● Activity: Repeat nothing but the lines below running from the one containing "#959 = VERTEX_POINT ( 'NONE', #5943 ) ;" to the one containing "#1632 = ORIENTED_EDGE". Keep both end lines.
┄┄┄┄┄┄
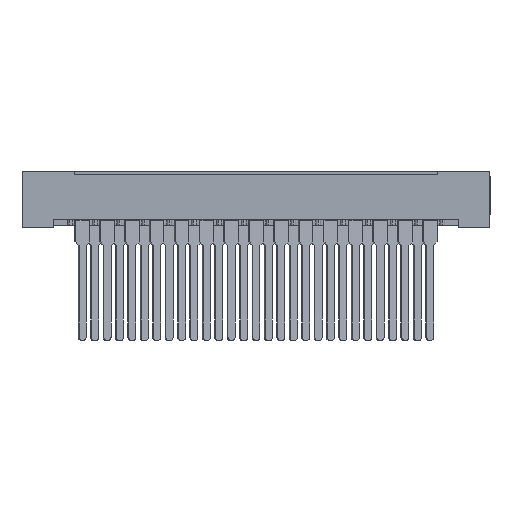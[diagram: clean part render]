
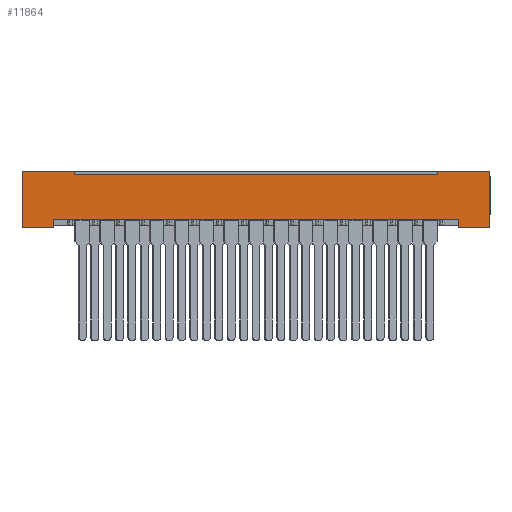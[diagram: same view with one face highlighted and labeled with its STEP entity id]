
A CAD part, top view. The second image highlights one B-rep face of the part: STEP entity #11864.
In plain terms, the highlighted planar face has unit normal (0, 0, 1).
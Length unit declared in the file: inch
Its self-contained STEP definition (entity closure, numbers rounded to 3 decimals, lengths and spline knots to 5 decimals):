
#181 = ORIENTED_EDGE ( 'NONE', *, *, #14503, .T. ) ;
#509 = VERTEX_POINT ( 'NONE', #6169 ) ;
#673 = VECTOR ( 'NONE', #10990, 39.37008 ) ;
#733 = DIRECTION ( 'NONE',  ( 1., 0., 0. ) ) ;
#749 = VERTEX_POINT ( 'NONE', #11431 ) ;
#875 = DIRECTION ( 'NONE',  ( 0., -1., 0. ) ) ;
#959 = VERTEX_POINT ( 'NONE', #5943 ) ;
#1105 = VERTEX_POINT ( 'NONE', #4870 ) ;
#1199 = LINE ( 'NONE', #10523, #1450 ) ;
#1450 = VECTOR ( 'NONE', #15156, 39.37008 ) ;
#1614 = VECTOR ( 'NONE', #875, 39.37008 ) ;
#1632 = ORIENTED_EDGE ( 'NONE', *, *, #13616, .T. ) ;
#1848 = LINE ( 'NONE', #20075, #1614 ) ;
#2313 = CARTESIAN_POINT ( 'NONE',  ( 0., 0.453, 0. ) ) ;
#2630 = VECTOR ( 'NONE', #5981, 39.37008 ) ;
#2975 = ORIENTED_EDGE ( 'NONE', *, *, #11161, .F. ) ;
#2989 = ORIENTED_EDGE ( 'NONE', *, *, #16919, .T. ) ;
#3266 = EDGE_CURVE ( 'NONE', #18245, #18286, #18869, .T. ) ;
#4247 = ORIENTED_EDGE ( 'NONE', *, *, #20067, .F. ) ;
#4544 = CARTESIAN_POINT ( 'NONE',  ( 3.77, 0.453, 0. ) ) ;
#4573 = CARTESIAN_POINT ( 'NONE',  ( 0.42, 0.423, 0. ) ) ;
#4596 = EDGE_CURVE ( 'NONE', #9501, #509, #1848, .T. ) ;
#4737 = LINE ( 'NONE', #11460, #10305 ) ;
#4870 = CARTESIAN_POINT ( 'NONE',  ( 3.52, 0.062, 0. ) ) ;
#4939 = VERTEX_POINT ( 'NONE', #19439 ) ;
#5156 = CARTESIAN_POINT ( 'NONE',  ( 0., 0.423, 0. ) ) ;
#5261 = EDGE_CURVE ( 'NONE', #4939, #509, #12509, .T. ) ;
#5368 = CARTESIAN_POINT ( 'NONE',  ( 0., 0., 0. ) ) ;
#5943 = CARTESIAN_POINT ( 'NONE',  ( 0.42, 0.453, 0. ) ) ;
#5981 = DIRECTION ( 'NONE',  ( 1., 0., 0. ) ) ;
#6169 = CARTESIAN_POINT ( 'NONE',  ( 0.25, 0., 0. ) ) ;
#6234 = LINE ( 'NONE', #9448, #11588 ) ;
#6383 = VERTEX_POINT ( 'NONE', #6524 ) ;
#6524 = CARTESIAN_POINT ( 'NONE',  ( 3.77, 0., 0. ) ) ;
#6947 = CARTESIAN_POINT ( 'NONE',  ( 0.25, 0.062, 0. ) ) ;
#6959 = ORIENTED_EDGE ( 'NONE', *, *, #4596, .F. ) ;
#7166 = EDGE_CURVE ( 'NONE', #14843, #959, #17079, .T. ) ;
#7373 = VERTEX_POINT ( 'NONE', #7899 ) ;
#7604 = LINE ( 'NONE', #19329, #11925 ) ;
#7631 = CARTESIAN_POINT ( 'NONE',  ( 0.42, 0.423, 0. ) ) ;
#7718 = VECTOR ( 'NONE', #18197, 39.37008 ) ;
#7899 = CARTESIAN_POINT ( 'NONE',  ( 3.52, 0., 0. ) ) ;
#8672 = EDGE_LOOP ( 'NONE', ( #4247, #181, #1632, #14802, #2975, #17762, #17791, #16790, #10070, #2989, #12066, #6959 ) ) ;
#9168 = EDGE_CURVE ( 'NONE', #18245, #959, #14215, .T. ) ;
#9219 = VECTOR ( 'NONE', #15914, 39.37008 ) ;
#9223 = FACE_OUTER_BOUND ( 'NONE', #8672, .T. ) ;
#9424 = VECTOR ( 'NONE', #9549, 39.37008 ) ;
#9448 = CARTESIAN_POINT ( 'NONE',  ( 0., 0.453, 0. ) ) ;
#9469 = CARTESIAN_POINT ( 'NONE',  ( 0., 0.453, 0. ) ) ;
#9501 = VERTEX_POINT ( 'NONE', #6947 ) ;
#9549 = DIRECTION ( 'NONE',  ( 1., 0., 0. ) ) ;
#9670 = DIRECTION ( 'NONE',  ( 0., -1., 0. ) ) ;
#9973 = EDGE_CURVE ( 'NONE', #18286, #749, #4737, .T. ) ;
#10070 = ORIENTED_EDGE ( 'NONE', *, *, #7166, .F. ) ;
#10251 = PLANE ( 'NONE',  #13271 ) ;
#10305 = VECTOR ( 'NONE', #13308, 39.37008 ) ;
#10382 = DIRECTION ( 'NONE',  ( -1., 0., 0. ) ) ;
#10452 = DIRECTION ( 'NONE',  ( 0., 0., -1. ) ) ;
#10523 = CARTESIAN_POINT ( 'NONE',  ( 0., 0.062, 0. ) ) ;
#10639 = LINE ( 'NONE', #11470, #19745 ) ;
#10678 = CARTESIAN_POINT ( 'NONE',  ( 3.35, 0.423, 0. ) ) ;
#10990 = DIRECTION ( 'NONE',  ( 0., -1., 0. ) ) ;
#11161 = EDGE_CURVE ( 'NONE', #749, #15212, #6234, .T. ) ;
#11431 = CARTESIAN_POINT ( 'NONE',  ( 3.35, 0.453, 0. ) ) ;
#11460 = CARTESIAN_POINT ( 'NONE',  ( 3.35, 0.423, 0. ) ) ;
#11470 = CARTESIAN_POINT ( 'NONE',  ( 3.52, 0.017, 0. ) ) ;
#11588 = VECTOR ( 'NONE', #16325, 39.37008 ) ;
#11707 = LINE ( 'NONE', #5368, #15003 ) ;
#11864 = ADVANCED_FACE ( 'NONE', ( #9223 ), #10251, .F. ) ;
#11925 = VECTOR ( 'NONE', #16113, 39.37008 ) ;
#12066 = ORIENTED_EDGE ( 'NONE', *, *, #5261, .T. ) ;
#12509 = LINE ( 'NONE', #15768, #2630 ) ;
#13271 = AXIS2_PLACEMENT_3D ( 'NONE', #20068, #10452, #10382 ) ;
#13308 = DIRECTION ( 'NONE',  ( 0., 1., 0. ) ) ;
#13616 = EDGE_CURVE ( 'NONE', #7373, #6383, #11707, .T. ) ;
#14215 = LINE ( 'NONE', #4573, #9219 ) ;
#14503 = EDGE_CURVE ( 'NONE', #1105, #7373, #10639, .T. ) ;
#14802 = ORIENTED_EDGE ( 'NONE', *, *, #19681, .F. ) ;
#14843 = VERTEX_POINT ( 'NONE', #2313 ) ;
#15003 = VECTOR ( 'NONE', #733, 39.37008 ) ;
#15156 = DIRECTION ( 'NONE',  ( -1., 0., 0. ) ) ;
#15212 = VERTEX_POINT ( 'NONE', #17941 ) ;
#15768 = CARTESIAN_POINT ( 'NONE',  ( 0., 0., 0. ) ) ;
#15914 = DIRECTION ( 'NONE',  ( 0., 1., 0. ) ) ;
#16113 = DIRECTION ( 'NONE',  ( 0., -1., 0. ) ) ;
#16124 = LINE ( 'NONE', #4544, #673 ) ;
#16325 = DIRECTION ( 'NONE',  ( 1., 0., 0. ) ) ;
#16790 = ORIENTED_EDGE ( 'NONE', *, *, #9168, .T. ) ;
#16919 = EDGE_CURVE ( 'NONE', #14843, #4939, #7604, .T. ) ;
#17079 = LINE ( 'NONE', #9469, #9424 ) ;
#17762 = ORIENTED_EDGE ( 'NONE', *, *, #9973, .F. ) ;
#17791 = ORIENTED_EDGE ( 'NONE', *, *, #3266, .F. ) ;
#17941 = CARTESIAN_POINT ( 'NONE',  ( 3.77, 0.453, 0. ) ) ;
#18197 = DIRECTION ( 'NONE',  ( 1., 0., 0. ) ) ;
#18245 = VERTEX_POINT ( 'NONE', #7631 ) ;
#18286 = VERTEX_POINT ( 'NONE', #10678 ) ;
#18869 = LINE ( 'NONE', #5156, #7718 ) ;
#19329 = CARTESIAN_POINT ( 'NONE',  ( 0., 0.453, 0. ) ) ;
#19439 = CARTESIAN_POINT ( 'NONE',  ( 0., 0., 0. ) ) ;
#19681 = EDGE_CURVE ( 'NONE', #15212, #6383, #16124, .T. ) ;
#19745 = VECTOR ( 'NONE', #9670, 39.37008 ) ;
#20067 = EDGE_CURVE ( 'NONE', #1105, #9501, #1199, .T. ) ;
#20068 = CARTESIAN_POINT ( 'NONE',  ( 0., 0.453, 0. ) ) ;
#20075 = CARTESIAN_POINT ( 'NONE',  ( 0.25, 0.017, 0. ) ) ;
┄┄┄┄┄┄
● Answer below:
#959 = VERTEX_POINT ( 'NONE', #5943 ) ;
#1105 = VERTEX_POINT ( 'NONE', #4870 ) ;
#1199 = LINE ( 'NONE', #10523, #1450 ) ;
#1450 = VECTOR ( 'NONE', #15156, 39.37008 ) ;
#1614 = VECTOR ( 'NONE', #875, 39.37008 ) ;
#1632 = ORIENTED_EDGE ( 'NONE', *, *, #13616, .T. ) ;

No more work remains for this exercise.